L’azione di “ristrutturazione” invece si sarebbe dovuta basare con forza su un progetto di espansione economica e sociale più credibile e soddisfacente, soprattutto in termini di investimento sulle politiche del lavoro, nel campo dell’alfabetizzazione delle popolazioni soprattutto rurali, nel rafforzamento delle strutture sanitarie e sociali. È notizia di poche settimane fa che un numero considerevole di giovani sono tornati al lavoro nei campi dove si produce l’oppio (dopo il tentativo probabilmente fallito di trasformare questa coltura in altre più etiche ma meno redditizie), che consente guadagni immediati a circa il 70% della popolazione lavorativa. Alla luce di questi risultati è evidente ritenere che gli sforzi nel campo dell’istruzione, della sanità e dei diritti civili e umani sono stati resi obsoleti dalle condizioni oggettivamente complesse di quei luoghi, ma anche da errori imperdonabili nelle strategie improntate da parte degli occidentali occupanti. Barlumi di libertà e diritti avevano mostrato una parvenza di crescita evaporata tragicamente alle prime difficoltà, prontamente alimentate dai talebani, dagli oscurantisti e dal potere di una cultura regressiva. In questa ottica le donne che accennano a una propria autodeterminazione sono il primo nemico da combattere e colpire.
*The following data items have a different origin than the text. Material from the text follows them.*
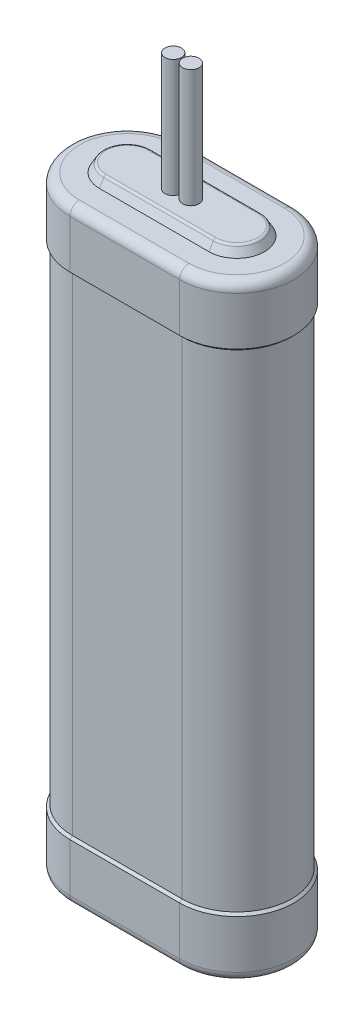
ISO-10303-21;
HEADER;
FILE_DESCRIPTION(('STEP AP214'),'2;1');
FILE_NAME('part.step','',(''),(''),'','','');
FILE_SCHEMA(('AUTOMOTIVE_DESIGN { 1 0 10303 214 1 1 1 1 }'));
ENDSEC;
DATA;
#1=APPLICATION_CONTEXT('core data for automotive mechanical design processes');
#2=APPLICATION_PROTOCOL_DEFINITION('international standard','automotive_design',2000,#1);
#3=PRODUCT_CONTEXT('',#1,'mechanical');
#4=PRODUCT('Part','Part','',(#3));
#5=PRODUCT_RELATED_PRODUCT_CATEGORY('part','',(#4));
#6=PRODUCT_DEFINITION_FORMATION('','',#4);
#7=PRODUCT_DEFINITION_CONTEXT('part definition',#1,'design');
#8=PRODUCT_DEFINITION('design','',#6,#7);
#9=PRODUCT_DEFINITION_SHAPE('','',#8);
#10=(LENGTH_UNIT() NAMED_UNIT(*) SI_UNIT(.MILLI.,.METRE.));
#11=(NAMED_UNIT(*) PLANE_ANGLE_UNIT() SI_UNIT($,.RADIAN.));
#12=(NAMED_UNIT(*) SI_UNIT($,.STERADIAN.) SOLID_ANGLE_UNIT());
#13=UNCERTAINTY_MEASURE_WITH_UNIT(LENGTH_MEASURE(1.E-05),#10,'distance_accuracy_value','');
#14=(GEOMETRIC_REPRESENTATION_CONTEXT(3) GLOBAL_UNCERTAINTY_ASSIGNED_CONTEXT((#13)) GLOBAL_UNIT_ASSIGNED_CONTEXT((#10,
#11,#12)) REPRESENTATION_CONTEXT('',''));
#15=CARTESIAN_POINT('',(0.,0.,0.));
#16=DIRECTION('',(0.,0.,1.));
#17=DIRECTION('',(1.,0.,0.));
#18=AXIS2_PLACEMENT_3D('',#15,#16,#17);
#19=CARTESIAN_POINT('',(-1.905,92.71,0.));
#20=DIRECTION('',(0.,1.,0.));
#21=DIRECTION('',(0.,0.,1.));
#22=AXIS2_PLACEMENT_3D('',#19,#20,#21);
#23=PLANE('',#22);
#24=CARTESIAN_POINT('',(-1.905,92.71,0.));
#25=DIRECTION('',(0.,-1.,0.));
#26=DIRECTION('',(0.,0.,-1.));
#27=AXIS2_PLACEMENT_3D('',#24,#25,#26);
#28=CIRCLE('',#27,1.778);
#29=CARTESIAN_POINT('',(-1.905,92.71,-1.778));
#30=VERTEX_POINT('',#29);
#31=EDGE_CURVE('E18',#30,#30,#28,.T.);
#32=ORIENTED_EDGE('',*,*,#31,.F.);
#33=EDGE_LOOP('',(#32));
#34=FACE_BOUND('',#33,.T.);
#35=ADVANCED_FACE('F14',(#34),#23,.T.);
#36=CARTESIAN_POINT('',(1.905,92.71,0.));
#37=DIRECTION('',(0.,1.,0.));
#38=DIRECTION('',(0.,0.,1.));
#39=AXIS2_PLACEMENT_3D('',#36,#37,#38);
#40=PLANE('',#39);
#41=CARTESIAN_POINT('',(1.905,92.71,0.));
#42=DIRECTION('',(0.,-1.,0.));
#43=DIRECTION('',(0.,0.,-1.));
#44=AXIS2_PLACEMENT_3D('',#41,#42,#43);
#45=CIRCLE('',#44,1.778);
#46=CARTESIAN_POINT('',(1.905,92.71,-1.778));
#47=VERTEX_POINT('',#46);
#48=EDGE_CURVE('E179',#47,#47,#45,.T.);
#49=ORIENTED_EDGE('',*,*,#48,.F.);
#50=EDGE_LOOP('',(#49));
#51=FACE_BOUND('',#50,.T.);
#52=ADVANCED_FACE('F189',(#51),#40,.T.);
#53=CARTESIAN_POINT('',(-1.905,92.71,0.));
#54=DIRECTION('',(0.,-1.,0.));
#55=DIRECTION('',(0.,0.,-1.));
#56=AXIS2_PLACEMENT_3D('',#53,#54,#55);
#57=CYLINDRICAL_SURFACE('',#56,1.778);
#58=CARTESIAN_POINT('',(-1.905,67.31,0.));
#59=DIRECTION('',(0.,-1.,0.));
#60=DIRECTION('',(0.,0.,-1.));
#61=AXIS2_PLACEMENT_3D('',#58,#59,#60);
#62=CIRCLE('',#61,1.778);
#63=CARTESIAN_POINT('',(-1.905,67.31,-1.778));
#64=VERTEX_POINT('',#63);
#65=EDGE_CURVE('E177',#64,#64,#62,.T.);
#66=ORIENTED_EDGE('',*,*,#65,.F.);
#67=EDGE_LOOP('',(#66));
#68=FACE_BOUND('',#67,.T.);
#69=ORIENTED_EDGE('',*,*,#31,.T.);
#70=EDGE_LOOP('',(#69));
#71=FACE_BOUND('',#70,.T.);
#72=ADVANCED_FACE('F186',(#68,#71),#57,.T.);
#73=CARTESIAN_POINT('',(1.905,92.71,0.));
#74=DIRECTION('',(0.,-1.,0.));
#75=DIRECTION('',(0.,0.,-1.));
#76=AXIS2_PLACEMENT_3D('',#73,#74,#75);
#77=CYLINDRICAL_SURFACE('',#76,1.778);
#78=CARTESIAN_POINT('',(1.905,67.31,0.));
#79=DIRECTION('',(0.,-1.,0.));
#80=DIRECTION('',(0.,0.,-1.));
#81=AXIS2_PLACEMENT_3D('',#78,#79,#80);
#82=CIRCLE('',#81,1.778);
#83=CARTESIAN_POINT('',(1.905,67.31,-1.778));
#84=VERTEX_POINT('',#83);
#85=EDGE_CURVE('E173',#84,#84,#82,.T.);
#86=ORIENTED_EDGE('',*,*,#85,.F.);
#87=EDGE_LOOP('',(#86));
#88=FACE_BOUND('',#87,.T.);
#89=ORIENTED_EDGE('',*,*,#48,.T.);
#90=EDGE_LOOP('',(#89));
#91=FACE_BOUND('',#90,.T.);
#92=ADVANCED_FACE('F695',(#88,#91),#77,.T.);
#93=CARTESIAN_POINT('',(11.811,67.31,0.));
#94=DIRECTION('',(0.,1.,0.));
#95=DIRECTION('',(0.,0.,1.));
#96=AXIS2_PLACEMENT_3D('',#93,#94,#95);
#97=PLANE('',#96);
#98=ORIENTED_EDGE('',*,*,#85,.T.);
#99=EDGE_LOOP('',(#98));
#100=FACE_BOUND('',#99,.T.);
#101=CARTESIAN_POINT('',(11.811,67.31,0.));
#102=DIRECTION('',(0.,-1.,0.));
#103=DIRECTION('',(0.,0.,-1.));
#104=AXIS2_PLACEMENT_3D('',#101,#102,#103);
#105=CIRCLE('',#104,4.50253031625843);
#106=CARTESIAN_POINT('',(11.811,67.31,-4.50253031625843));
#107=VERTEX_POINT('',#106);
#108=CARTESIAN_POINT('',(11.811,67.31,4.50253031625843));
#109=VERTEX_POINT('',#108);
#110=EDGE_CURVE('E626',#107,#109,#105,.T.);
#111=ORIENTED_EDGE('',*,*,#110,.F.);
#112=DIRECTION('',(-1.,0.,0.));
#113=VECTOR('',#112,1.);
#114=CARTESIAN_POINT('',(11.811,67.31,-4.50253031625843));
#115=LINE('',#114,#113);
#116=CARTESIAN_POINT('',(-11.811,67.31,-4.50253031625843));
#117=VERTEX_POINT('',#116);
#118=EDGE_CURVE('E176',#117,#107,#115,.F.);
#119=ORIENTED_EDGE('',*,*,#118,.F.);
#120=CARTESIAN_POINT('',(-11.811,67.31,0.));
#121=DIRECTION('',(0.,-1.,0.));
#122=DIRECTION('',(0.,0.,1.));
#123=AXIS2_PLACEMENT_3D('',#120,#121,#122);
#124=CIRCLE('',#123,4.50253031625843);
#125=CARTESIAN_POINT('',(-11.811,67.31,4.50253031625843));
#126=VERTEX_POINT('',#125);
#127=EDGE_CURVE('E613',#126,#117,#124,.T.);
#128=ORIENTED_EDGE('',*,*,#127,.F.);
#129=DIRECTION('',(1.,0.,0.));
#130=VECTOR('',#129,1.);
#131=CARTESIAN_POINT('',(11.811,67.31,4.50253031625843));
#132=LINE('',#131,#130);
#133=EDGE_CURVE('E638',#109,#126,#132,.F.);
#134=ORIENTED_EDGE('',*,*,#133,.F.);
#135=EDGE_LOOP('',(#111,#119,#128,#134));
#136=FACE_BOUND('',#135,.T.);
#137=ORIENTED_EDGE('',*,*,#65,.T.);
#138=EDGE_LOOP('',(#137));
#139=FACE_BOUND('',#138,.T.);
#140=ADVANCED_FACE('F681',(#100,#136,#139),#97,.T.);
#141=CARTESIAN_POINT('',(11.811,66.675,-4.50253031625843));
#142=DIRECTION('',(-1.,0.,0.));
#143=DIRECTION('',(0.,0.,1.));
#144=AXIS2_PLACEMENT_3D('',#141,#142,#143);
#145=CYLINDRICAL_SURFACE('',#144,0.635);
#146=CARTESIAN_POINT('',(-11.811,66.675,-4.50253031625843));
#147=DIRECTION('',(-1.,0.,0.));
#148=DIRECTION('',(0.,0.,-1.));
#149=AXIS2_PLACEMENT_3D('',#146,#147,#148);
#150=CIRCLE('',#149,0.635);
#151=CARTESIAN_POINT('',(-11.811,66.9925000000415,-5.05245644764532));
#152=VERTEX_POINT('',#151);
#153=EDGE_CURVE('E679',#117,#152,#150,.T.);
#154=ORIENTED_EDGE('',*,*,#153,.F.);
#155=ORIENTED_EDGE('',*,*,#118,.T.);
#156=CARTESIAN_POINT('',(11.811,66.675,-4.50253031625843));
#157=DIRECTION('',(-1.,0.,0.));
#158=DIRECTION('',(0.,0.,-1.));
#159=AXIS2_PLACEMENT_3D('',#156,#157,#158);
#160=CIRCLE('',#159,0.635);
#161=CARTESIAN_POINT('',(11.811,66.9924999999763,-5.05245644767858));
#162=VERTEX_POINT('',#161);
#163=EDGE_CURVE('E617',#162,#107,#160,.F.);
#164=ORIENTED_EDGE('',*,*,#163,.F.);
#165=DIRECTION('',(1.,0.,0.));
#166=VECTOR('',#165,1.);
#167=CARTESIAN_POINT('',(11.811,66.9925,-5.05245644766155));
#168=LINE('',#167,#166);
#169=EDGE_CURVE('E417',#152,#162,#168,.T.);
#170=ORIENTED_EDGE('',*,*,#169,.F.);
#171=EDGE_LOOP('',(#154,#155,#164,#170));
#172=FACE_BOUND('',#171,.T.);
#173=ADVANCED_FACE('F664',(#172),#145,.T.);
#174=CARTESIAN_POINT('',(11.811,66.675,0.));
#175=DIRECTION('',(0.,1.,0.));
#176=DIRECTION('',(0.,0.,1.));
#177=AXIS2_PLACEMENT_3D('',#174,#175,#176);
#178=TOROIDAL_SURFACE('',#177,4.50253031625843,0.635);
#179=CARTESIAN_POINT('',(11.811,66.675,4.50253031625843));
#180=DIRECTION('',(1.,0.,0.));
#181=DIRECTION('',(0.,0.,-1.));
#182=AXIS2_PLACEMENT_3D('',#179,#180,#181);
#183=CIRCLE('',#182,0.635);
#184=CARTESIAN_POINT('',(11.811,66.9924999999923,5.05245644766765));
#185=VERTEX_POINT('',#184);
#186=EDGE_CURVE('E619',#185,#109,#183,.F.);
#187=ORIENTED_EDGE('',*,*,#186,.F.);
#188=CARTESIAN_POINT('',(11.811,66.9924999999694,0.));
#189=DIRECTION('',(0.,-1.,0.));
#190=DIRECTION('',(0.,0.,-1.));
#191=AXIS2_PLACEMENT_3D('',#188,#189,#190);
#192=CIRCLE('',#191,5.05245644768593);
#193=EDGE_CURVE('E148',#162,#185,#192,.T.);
#194=ORIENTED_EDGE('',*,*,#193,.F.);
#195=ORIENTED_EDGE('',*,*,#163,.T.);
#196=ORIENTED_EDGE('',*,*,#110,.T.);
#197=EDGE_LOOP('',(#187,#194,#195,#196));
#198=FACE_BOUND('',#197,.T.);
#199=ADVANCED_FACE('F616',(#198),#178,.T.);
#200=CARTESIAN_POINT('',(11.811,66.675,4.50253031625843));
#201=DIRECTION('',(1.,0.,0.));
#202=DIRECTION('',(0.,0.,-1.));
#203=AXIS2_PLACEMENT_3D('',#200,#201,#202);
#204=CYLINDRICAL_SURFACE('',#203,0.635);
#205=ORIENTED_EDGE('',*,*,#186,.T.);
#206=ORIENTED_EDGE('',*,*,#133,.T.);
#207=CARTESIAN_POINT('',(-11.811,66.675,4.50253031625843));
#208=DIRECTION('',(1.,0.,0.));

In questa miriade di condizioni territoriali dominate da dinamiche tribali, l’universo jihadista ha creato ancora più frammentazione. L’unica unanimità sembra essere stata trovata quando si è trattato di impedire, scongiurare e cancellare qualsiasi possibilità alle donne di affrancarsi dallo stato di sottomissione feudale. Gli omicidi nei confronti delle donne vengono studiati con raziocinio e con strategica efficienza: si scelgono luoghi simbolici come scuole e redazioni di giornali. Le uccisioni vengono perpetrate a carico di persone impegnate nel sociale e nell’informazione.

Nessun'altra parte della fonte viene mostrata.